## ABOUT THIS EXERCISE:
Output the full listing below exactly; the images stay out.

## RECORDS FOR THIS TASK:
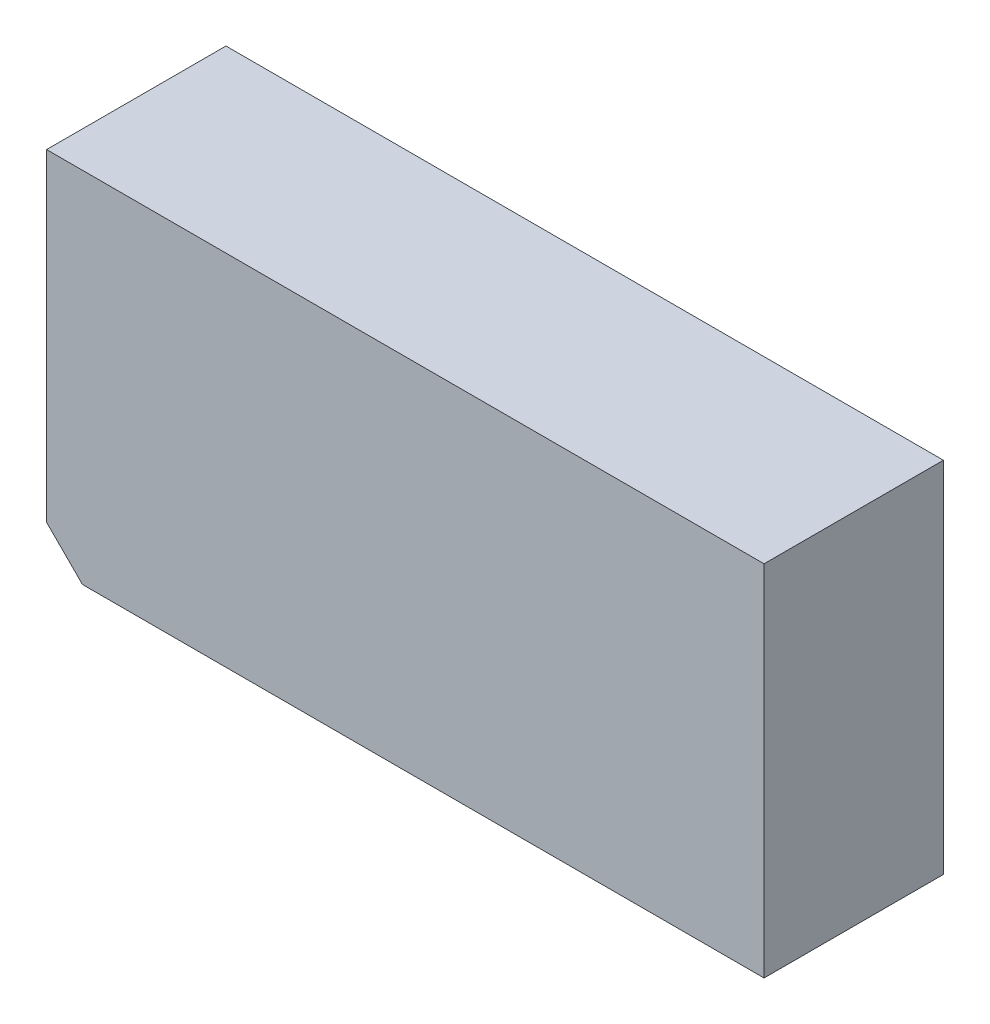
from build123d import *

# Parameters (mm, degrees)
SKETCH1_W           = 40
SKETCH1_H           = 20
BOSS_EXTRUDE1_DEPTH = 10
CHAMFER1_SIZE       = 2


with BuildPart() as part:
    # Sketch1 → Boss-Extrude1 (new body)
    with BuildSketch(Plane.XY):
        with Locations((20, 10)):
            Rectangle(SKETCH1_W, SKETCH1_H)
    extrude(amount=BOSS_EXTRUDE1_DEPTH)

    # Chamfer1
    chamfer1_edges = [part.edges().sort_by_distance(p)[0] for p in [
        (0, 0, 5),
    ]]
    chamfer(chamfer1_edges, length=CHAMFER1_SIZE)


solid = part.part

## OUTPUT:
from build123d import *

# Parameters (mm, degrees)
SKETCH1_W           = 40
SKETCH1_H           = 20
BOSS_EXTRUDE1_DEPTH = 10
CHAMFER1_SIZE       = 2


with BuildPart() as part:
    # Sketch1 → Boss-Extrude1 (new body)
    with BuildSketch(Plane.XY):
        with Locations((20, 10)):
            Rectangle(SKETCH1_W, SKETCH1_H)
    extrude(amount=BOSS_EXTRUDE1_DEPTH)

    # Chamfer1
    chamfer1_edges = [part.edges().sort_by_distance(p)[0] for p in [
        (0, 0, 5),
    ]]
    chamfer(chamfer1_edges, length=CHAMFER1_SIZE)


solid = part.part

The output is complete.